Yes, if I had improvements I was confident about, I'd list them. (Maybe don't think of this as mainly a news site? Older stories are popular.) The first idea to come to mind was to slow down the aging and make the front page into a sample of the stories with upvote support over this newly longer interval -- but I have no experience managing a site like this.

But "quick, upvote before it's gone" seems clearly the wrong policy to encourage in people.


Non-news: historically, hackernews was startup news, which then expanded to "gratifying intellectual curiosity." I'd like to split the "new" and the "interesting", rather like how newspapers have a magazine-like section on weekends. Some of the most popular articles are quite old as you note. eg Feynmann stuff. Your idea would work well for this.

But I doubt anything so drastic will be trialled... though dang seems a lot more willing to experiment than pg was, so maybe it's possible, if we can think of an effective yet low-cost way to test it?

BTW there is a hidden lower-gravity version, https://news.ycombinator.com/best (but of course most votes aren't made using it, so it doesn't test the idea).

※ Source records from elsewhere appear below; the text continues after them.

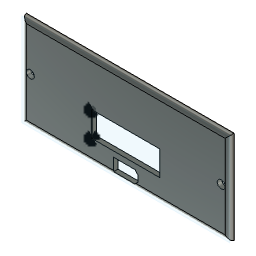
untere heckplatte (Autodesk Fusion 360 design; units mm, degrees)
Autodesk Fusion 360 part; units mm, degrees
sketch "Skizze1" plane through (0, 0, 0) normal (0, 1, 0) x (1, 0, 0)
  line L0 (0, 0) -> (90, 0)
  line L1 (90, 0) -> (90, -39)
  line L2 (90, -39) -> (0, -39)
  line L3 (0, -39) -> (0, 0)
  line L4 (0, -39) -> (2.75, -39)
  line L5 (90, -39) -> (87.25, -39)
  line L6 (2.75, -39) -> (2.75, -19.5)
  line L7 (87.25, -39) -> (87.25, -19.5)
  circle A0 centre (2.75, -19.5) radius 1.25
  circle A1 centre (87.25, -19.5) radius 1.25
  dimension "d1" = 39
  dimension "d2" = 90
  dimension "d3" = 2.75
  dimension "d4" = 2.75
  dimension "d5" = 19.5
  dimension "d6" = 19.5
  dimension "d7" = 2.5
  dimension "d8" = 2.5
  constraint horizontal L0
  constraint vertical L1
  constraint horizontal L2
  constraint vertical L3
  constraint coincident L0.start L3.end
  constraint perpendicular L3 L4
  constraint perpendicular L1 L5
  constraint perpendicular L4 L6
  constraint perpendicular L2 L7
  constraint coincident L6.end A0.centre
  constraint coincident L7.end A1.centre
  measures "d1" distance of L0.start L2.end
  measures "d2" distance of L1.end L2.end
  measures "d3" distance of L2.end L4.end
  measures "d4" distance of L1.end L5.end
  measures "d5" distance of L4.end L6.end
  measures "d6" distance of L5.end L7.end
  measures "d7" diameter of A0
  measures "d8" diameter of A1
extrude "Extrusion1" add sketch "Skizze1" along normal blind 3 makes body 1
extrude "Extrusion2" cut 1 faces at (58.7004, 3, 6.3357) along direction (0, -1, 0) blind 1 on bodies 1 bodies 1
sketch "Skizze2" plane through (0, 0, 0) normal (0, -1, 0) x (1, 0, 0)
  line L0 (2.75, 19.5) -> (45, 19.5)
  line L1 (50.5, 34.5) -> (39.5, 34.5)
  line L2 (39.5, 34.5) -> (39.5, 4.5)
  line L3 (39.5, 4.5) -> (50.5, 4.5)
  line L4 (50.5, 4.5) -> (50.5, 34.5)
  line L5 (50.5, 34.5) -> (39.5, 4.5) construction
  line L6 (39.5, 34.5) -> (50.5, 4.5) construction
  circle A0 centre (87.25, 19.5) radius 1.25
  circle A1 centre (2.75, 19.5) radius 1.25
  line L7 (90, 39) -> (0, 39)
  line L8 (0, 39) -> (0, 0)
  line L9 (0, 0) -> (90, 0)
  line L10 (90, 0) -> (90, 39)
  point P0 (45, 19.5)
  dimension "d15" = 42.25
  dimension "d16" = 11
  dimension "d17" = 30
  constraint coincident L0.start A1.centre
  constraint horizontal L1
  constraint perpendicular L1 L2
  constraint parallel L1 L3
  constraint parallel L2 L4
  constraint coincident L5 P0
  constraint coincident L6 P0
  constraint coincident P0 L0.end
  measures "d15" distance of L0.start P0
  measures "d16" distance of L2.end L3.end
  measures "d17" distance of L1.end L2.end
extrude "Extrusion3" cut sketch "Skizze2" against normal blind 8 contours L1 L2 L3 L4 bodies 1
sketch "Skizze3" plane through (0, 0, 0) normal (0, -1, 0) x (1, 0, 0)
  line L0 (39.5, 34.5) -> (50.5, 34.5)
  line L1 (50.5, 34.5) -> (50.5, 4.5)
  line L2 (50.5, 4.5) -> (39.5, 4.5)
  line L3 (39.5, 4.5) -> (39.5, 34.5)
  line L4 (90, 0) -> (79.3979, 10.6111)
  line L5 (76.5979, 16.0111) -> (82.1979, 16.0111)
  line L6 (82.1979, 16.0111) -> (82.1979, 5.2111)
  line L7 (82.1979, 5.2111) -> (76.5979, 5.2111)
  line L8 (76.5979, 5.2111) -> (76.5979, 16.0111)
  line L9 (76.5979, 16.0111) -> (82.1979, 5.2111) construction
  line L10 (82.1979, 16.0111) -> (76.5979, 5.2111) construction
  line L11 (76.5979, 5.2111) -> (77.305, 5.9182)
  line L12 (76.5979, 5.2111) -> (77.5979, 5.2111) construction
  line L13 (77.305, 5.9182) -> (76.5979, 6.6253)
  line L14 (77.305, 5.9182) -> (78.0121, 5.2111)
  line L15 (82.1979, 5.2111) -> (81.4908, 5.9182)
  line L16 (81.4908, 5.9182) -> (82.1979, 6.6253)
  line L17 (81.4908, 5.9182) -> (80.7837, 5.2111)
  circle A0 centre (87.25, 19.5) radius 1.25
  circle A1 centre (2.75, 19.5) radius 1.25
  line L18 (90, 39) -> (0, 39)
  line L19 (0, 39) -> (0, 0)
  line L20 (0, 0) -> (90, 0)
  line L21 (90, 0) -> (90, 39)
  point P0 (79.3979, 10.6111)
  dimension "d22" = 15
  dimension "d23" = 5.6
  dimension "d24" = 10.8
  dimension "d25" = 45
  dimension "d26" = 1
  dimension "d27" = 1
  constraint horizontal L5
  constraint perpendicular L5 L6
  constraint parallel L5 L7
  constraint parallel L6 L8
  constraint coincident L9 P0
  constraint coincident L10 P0
  constraint coincident P0 L4.end
  constraint horizontal L12
  constraint coincident L8 L13.end
  constraint perpendicular L11 L13
  constraint coincident L7 L14.end
  constraint perpendicular L11 L14
  constraint parallel L14 L15
  constraint coincident L6 L16.end
  constraint perpendicular L15 L16
  constraint coincident L7 L17.end
  constraint perpendicular L15 L17
  measures "d22" distance of L4.start P0
  measures "d23" distance of L6.end L7.end
  measures "d24" distance of L5.end L6.end
  measures "d25" angle of L11 L12
  measures "d26" distance of L7.end L11.end
  measures "d27" distance of L6.end L15.end
extrude "Extrusion4" cut sketch "Skizze3" against normal blind 122 contours L5 L6 L7 L8 L13 L14 L16 L17 bodies 1
sketch "Skizze4" plane through (0, 2, 0) normal (0, 1, 0) x (-1, 0, 0)
  line L0 (-78.0121, 5.2111) -> (-80.7837, 5.2111)
  line L1 (-80.7837, 5.2111) -> (-82.1979, 6.6253)
  line L2 (-82.1979, 6.6253) -> (-82.1979, 16.0111)
  line L3 (-82.1979, 16.0111) -> (-76.5979, 16.0111)
  line L4 (-76.5979, 16.0111) -> (-76.5979, 6.6253)
  line L5 (-76.5979, 6.6253) -> (-78.0121, 5.2111)
  line L6 (-50.5, 34.5) -> (-39.5, 34.5)
  line L7 (-39.5, 34.5) -> (-39.5, 4.5)
  line L8 (-39.5, 4.5) -> (-50.5, 4.5)
  line L9 (-50.5, 4.5) -> (-50.5, 34.5)
  circle A0 centre (-87.25, 19.5) radius 1.25
  circle A1 centre (-2.75, 19.5) radius 1.25
  line L10 (0, 39) -> (0, 40)
  line L11 (0, 0) -> (0, -1)
  line L12 (-90, 39) -> (-90, 40)
  line L13 (-90, 0) -> (-90, -1)
  line L14 (-90, 40) -> (0, 40)
  line L15 (-90, -1) -> (0, -1)
  line L16 (0, 39) -> (-90, 39)
  line L17 (-90, 39) -> (-90, 0)
  line L18 (-90, 0) -> (0, 0)
  line L19 (0, 0) -> (0, 39)
  dimension "d30" = 1
  dimension "d31" = 1
  dimension "d32" = 1
  dimension "d33" = 1
  measures "d30" distance of L10.start L10.end
  measures "d31" distance of L11.start L11.end
  measures "d32" distance of L12.start L12.end
  measures "d33" distance of L13.start L13.end
extrude "Extrusion5" add sketch "Skizze4" against normal blind 2 separate body contours L10 L12 L14 L16 | L11 L13 L15 L18 makes body 2 at (30, 1.3333, 39) makes body 3 at (60, 1.3333, -1)
sketch "Skizze5" plane through (0, 0, 0) normal (0, -1, 0) x (1, 0, 0)
  line L0 (0, 0) -> (90, 0)
  line L1 (90, 39) -> (0, 39)
  line L2 (39.5, 34.5) -> (50.5, 34.5)
  line L3 (50.5, 34.5) -> (50.5, 4.5)
  line L4 (50.5, 4.5) -> (39.5, 4.5)
  line L5 (39.5, 4.5) -> (39.5, 34.5)
  line L6 (80.7837, 5.2111) -> (78.0121, 5.2111)
  line L7 (78.0121, 5.2111) -> (76.5979, 6.6253)
  line L8 (76.5979, 6.6253) -> (76.5979, 16.0111)
  line L9 (76.5979, 16.0111) -> (82.1979, 16.0111)
  line L10 (82.1979, 16.0111) -> (82.1979, 6.6253)
  line L11 (82.1979, 6.6253) -> (80.7837, 5.2111)
  circle A0 centre (2.75, 19.5) radius 1.75
  circle A1 centre (87.25, 19.5) radius 1.75
  circle A2 centre (87.25, 19.5) radius 1.25
  circle A3 centre (2.75, 19.5) radius 1.25
  line L12 (0, 39) -> (0, 0)
  line L13 (90, 0) -> (90, 39)
  dimension "d38" = 3.5
  dimension "d39" = 3.5
  constraint concentric A0 A3
  constraint concentric A1 A2
  measures "d38" diameter of A0
  measures "d39" diameter of A1
extrude "Extrusion6" cut sketch "Skizze5" against normal blind 10 contours A0 | A1 | A2 | A3 bodies 1
extrude "Extrusion7" add 3 faces at (0, 1.3333, 26) (0, 1.3333, 39.3333) (0, 1.3333, -0.3333) along direction (-1, 0, 0) blind 1 on bodies 1 2 3 bodies 1 2 3
extrude "Extrusion8" add 1 faces at (90, 1.3333, 12.6667) along direction (1, 0, 0) blind 1 on bodies 1 bodies 1
sketch "Skizze6" plane through (0, 0, 0) normal (0, -1, 0) x (1, 0, 0)
  circle A0 centre (2.75, 19.5) radius 1.75
  circle A1 centre (87.25, 19.5) radius 1.75
  line L0 (80.7837, 5.2111) -> (78.0121, 5.2111)
  line L1 (78.0121, 5.2111) -> (76.5979, 6.6253)
  line L2 (76.5979, 6.6253) -> (76.5979, 16.0111)
  line L3 (76.5979, 16.0111) -> (82.1979, 16.0111)
  line L4 (82.1979, 16.0111) -> (82.1979, 6.6253)
  line L5 (82.1979, 6.6253) -> (80.7837, 5.2111)
  line L6 (39.5, 34.5) -> (50.5, 34.5)
  line L7 (50.5, 34.5) -> (50.5, 4.5)
  line L8 (50.5, 4.5) -> (39.5, 4.5)
  line L9 (39.5, 4.5) -> (39.5, 34.5)
  line L10 (-1, -1) -> (91, -1)
  line L11 (91, -1) -> (91, 40)
  line L12 (91, 40) -> (-1, 40)
  line L13 (-1, 40) -> (-1, -1)
  line L14 (39.5, 34.5) -> (39.5, 37.5)
  line L15 (39.5, 37.5) -> (50.5, 37.5)
  line L16 (50.5, 37.5) -> (50.5, 34.5)
  line L17 (39.5, 4.5) -> (39.5, 7.5)
  line L18 (39.5, 7.5) -> (50.5, 7.5)
  dimension "d46" = 3
  dimension "d47" = 3
  constraint coincident L6.start L9.end
  constraint perpendicular L6 L14
  constraint perpendicular L7 L15
  constraint coincident L6.end L7.start
  constraint perpendicular L6 L16
  constraint coincident L8.end L9.start
  constraint perpendicular L8 L17
  constraint coincident L7 L18.end
  constraint perpendicular L7 L18
  measures "d46" distance of L6.start L14.end
  measures "d47" distance of L8.end L17.end
extrude "Extrusion9" cut sketch "Skizze6" against normal blind 10 contours L6 L14 L15 L16 | L7 L8 L9 L17 L18 bodies 1
sketch "Skizze7" plane through (0, 0, 0) normal (0, -1, 0) x (1, 0, 0)
  line L0 (50.5, 37.5) -> (50.5, 4.5)
  line L1 (50.5, 4.5) -> (39.5, 4.5)
  line L2 (39.5, 4.5) -> (39.5, 37.5)
  line L3 (39.5, 37.5) -> (50.5, 37.5)
  circle A0 centre (2.75, 19.5) radius 1.75
  circle A1 centre (87.25, 19.5) radius 1.75
  line L4 (80.7837, 5.2111) -> (78.0121, 5.2111)
  line L5 (78.0121, 5.2111) -> (76.5979, 6.6253)
  line L6 (76.5979, 6.6253) -> (76.5979, 16.0111)
  line L7 (76.5979, 16.0111) -> (82.1979, 16.0111)
  line L8 (82.1979, 16.0111) -> (82.1979, 6.6253)
  line L9 (82.1979, 6.6253) -> (80.7837, 5.2111)
  line L10 (-1, -1) -> (91, -1)
  line L11 (91, -1) -> (91, 40)
  line L12 (91, 40) -> (-1, 40)
  line L13 (-1, 40) -> (-1, -1)
  line L14 (39.5, 4.5) -> (39.5, 7.5)
  line L15 (39.5, 7.5) -> (50.5, 7.5)
  dimension "d50" = 3
  constraint coincident L1.end L2.start
  constraint perpendicular L1 L14
  constraint coincident L0 L15.end
  constraint perpendicular L0 L15
  measures "d50" distance of L1.end L14.end
extrude "Extrusion10" add sketch "Skizze7" against normal blind 2 contours L0 L1 L2 L14 L15 bodies 1
sketch "Skizze8" plane through (0, 0, 0) normal (0, -1, 0) x (1, 0, 0)
  line L0 (50.5, 37.5) -> (50.5, 7.5)
  line L1 (50.5, 7.5) -> (39.5, 7.5)
  line L2 (39.5, 7.5) -> (39.5, 37.5)
  line L3 (39.5, 37.5) -> (50.5, 37.5)
  circle A0 centre (2.75, 19.5) radius 1.75
  circle A1 centre (87.25, 19.5) radius 1.75
  line L4 (80.7837, 5.2111) -> (78.0121, 5.2111)
  line L5 (78.0121, 5.2111) -> (76.5979, 6.6253)
  line L6 (76.5979, 6.6253) -> (76.5979, 16.0111)
  line L7 (76.5979, 16.0111) -> (82.1979, 16.0111)
  line L8 (82.1979, 16.0111) -> (82.1979, 6.6253)
  line L9 (82.1979, 6.6253) -> (80.7837, 5.2111)
  line L10 (-1, -1) -> (91, -1)
  line L11 (91, -1) -> (91, 40)
  line L12 (91, 40) -> (-1, 40)
  line L13 (-1, 40) -> (-1, -1)
  line L14 (39.5, 7.5) -> (39.5, 6.5)
  line L15 (39.5, 6.5) -> (39.6, 6.5)
  line L16 (39.6, 6.5) -> (39.6, 0.9)
  line L17 (39.6, 6.5) -> (50.4, 6.5)
  line L18 (39.6, 0.9) -> (50.4, 0.9)
  line L19 (50.4675, 6.5) -> (50.4675, 0.9)
  line L20 (50.4675, 0.9) -> (49.7604, 1.6071)
  line L21 (39.7383, 40) -> (39.7383, 38.5)
  line L22 (39.5, 37.5) -> (39.5, 38.5)
  line L23 (39.5, 38.5) -> (50.5, 38.5)
  line L24 (50.5, 38.5) -> (50.5, 37.5)
  dimension "d53" = 1
  dimension "d54" = 0.1
  dimension "d55" = 5.6
  dimension "d56" = 10.8
  dimension "d57" = 45
  dimension "d58" = 1
  dimension "d59" = 1.5
  dimension "d60" = 1
  dimension "d61" = 11
  constraint coincident L1.end L2.start
  constraint perpendicular L1 L14
  constraint horizontal L15
  constraint perpendicular L1 L16
  constraint perpendicular L16 L17
  constraint perpendicular L16 L18
  constraint perpendicular L18 L19
  constraint coincident L12 L21.start
  constraint perpendicular L12 L21
  constraint coincident L2.end L3.start
  constraint perpendicular L3 L22
  constraint perpendicular L21 L23
  constraint coincident L0.start L3.end
  measures "d53" distance of L1.end L14.end
  measures "d54" distance of L14.end L15.end
  measures "d55" distance of L15.end L16.end
  measures "d56" distance of L15.end L17.end
  measures "d57" angle of L19 L20
  measures "d58" distance of L19.end L20.end
  measures "d59" distance of L21.start L21.end
  measures "d60" distance of L2.end L22.end
  measures "d61" distance of L22.end L23.end
extrude "Extrusion11" cut sketch "Skizze8" against normal blind 3 contours L3 L22 L23 L24 bodies 1
sketch "Skizze9" plane through (0, 0, 0) normal (0, -1, 0) x (1, 0, 0)
  line L0 (50.5, 38.5) -> (50.5, 7.5)
  line L1 (50.5, 7.5) -> (39.5, 7.5)
  line L2 (39.5, 7.5) -> (39.5, 38.5)
  line L3 (39.5, 38.5) -> (50.5, 38.5)
  circle A0 centre (2.75, 19.5) radius 1.75
  circle A1 centre (87.25, 19.5) radius 1.75
  line L4 (80.7837, 5.2111) -> (78.0121, 5.2111)
  line L5 (78.0121, 5.2111) -> (76.5979, 6.6253)
  line L6 (76.5979, 6.6253) -> (76.5979, 16.0111)
  line L7 (76.5979, 16.0111) -> (82.1979, 16.0111)
  line L8 (82.1979, 16.0111) -> (82.1979, 6.6253)
  line L9 (82.1979, 6.6253) -> (80.7837, 5.2111)
  line L10 (-1, -1) -> (91, -1)
  line L11 (91, -1) -> (91, 40)
  line L12 (91, 40) -> (-1, 40)
  line L13 (-1, 40) -> (-1, -1)
  line L14 (44, -1) -> (44, 0.5)
  line L15 (39.5, 7.5) -> (39.6, 7.5)
  line L16 (50.5, 7.5) -> (50.4, 7.5)
  line L17 (39.6, 7.5) -> (39.6, -1)
  line L18 (39.6, 6.1) -> (50.4, 6.1)
  line L19 (39.6, 0.5) -> (50.4, 0.5)
  line L20 (50.4, 0.5) -> (50.4, 6.1)
  dimension "d64" = 1.5
  dimension "d66" = 0.1
  dimension "d67" = 0.1
  dimension "d68" = 10.8
  dimension "d69" = 10.8
  constraint coincident L10 L14.start
  constraint perpendicular L10 L14
  constraint coincident L1.end L2.start
  constraint horizontal L15
  constraint coincident L0.end L1.start
  constraint horizontal L16
  constraint coincident L10 L17.end
  constraint perpendicular L10 L17
  constraint coincident L17 L18.start
  constraint coincident L17 L19.start
  constraint perpendicular L14 L19
  constraint perpendicular L18 L20
  measures "d64" distance of L14.start L14.end
  measures "d66" distance of L1.end L15.end
  measures "d67" distance of L0.end L16.end
  measures "d68" distance of L18.start L18.end
  measures "d69" distance of L19.start L19.end
extrude "Extrusion12" cut sketch "Skizze9" against normal blind 3 contours L17 L18 L19 L20 bodies 1
sketch "Skizze10" plane through (0, 0, 0) normal (0, -1, 0) x (1, 0, 0)
  line L0 (50.4, 0.5) -> (39.6, 0.5)
  line L1 (39.6, 0.5) -> (39.6, 6.1)
  line L2 (39.6, 6.1) -> (50.4, 6.1)
  line L3 (50.4, 6.1) -> (50.4, 0.5)
  line L4 (50.5, 38.5) -> (50.5, 7.5)
  line L5 (50.5, 7.5) -> (39.5, 7.5)
  line L6 (39.5, 7.5) -> (39.5, 38.5)
  line L7 (39.5, 38.5) -> (50.5, 38.5)
  circle A0 centre (2.75, 19.5) radius 1.75
  circle A1 centre (87.25, 19.5) radius 1.75
  line L8 (80.7837, 5.2111) -> (78.0121, 5.2111)
  line L9 (78.0121, 5.2111) -> (76.5979, 6.6253)
  line L10 (76.5979, 6.6253) -> (76.5979, 16.0111)
  line L11 (76.5979, 16.0111) -> (82.1979, 16.0111)
  line L12 (82.1979, 16.0111) -> (82.1979, 6.6253)
  line L13 (82.1979, 6.6253) -> (80.7837, 5.2111)
  line L14 (-1, -1) -> (91, -1)
  line L15 (91, -1) -> (91, 40)
  line L16 (91, 40) -> (-1, 40)
  line L17 (-1, 40) -> (-1, -1)
  line L18 (50.4, 0.5) -> (49.6929, 1.2071)
  line L19 (50.4, 0.5) -> (51.4, 0.5) construction
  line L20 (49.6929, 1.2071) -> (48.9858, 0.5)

I agree blind upvoting is a bad idea, though I read the plea as "if you are already a fan of our work, please upvote early". In practice, the super-short story commented ("the little gods") is probably the best way to go - a quick way to evaluate the offering (which incidentally is what I did before upvoting).


Making the front page change on reloading or for different readers (making it a random sample) would indeed be really disruptive, but it could have a kind of second-order benefit, that new experiments would become easier to introduce, because we'd stop expecting it to look the same for everyone. Not that I'm seriously advocating this for HN -- maybe for a new site?

Geez, I forgot about /best. I tend to visit here to shirk work, and I'm not even shirking most effectively.

That's a great suggestion, pointing out the short story. I enjoyed it too.


Whether they clicked the link before voting.

Are they in a voting ring.

How have they voted previously.

Is everyone voting late... hence its a long time to evaluate so weigh heaver.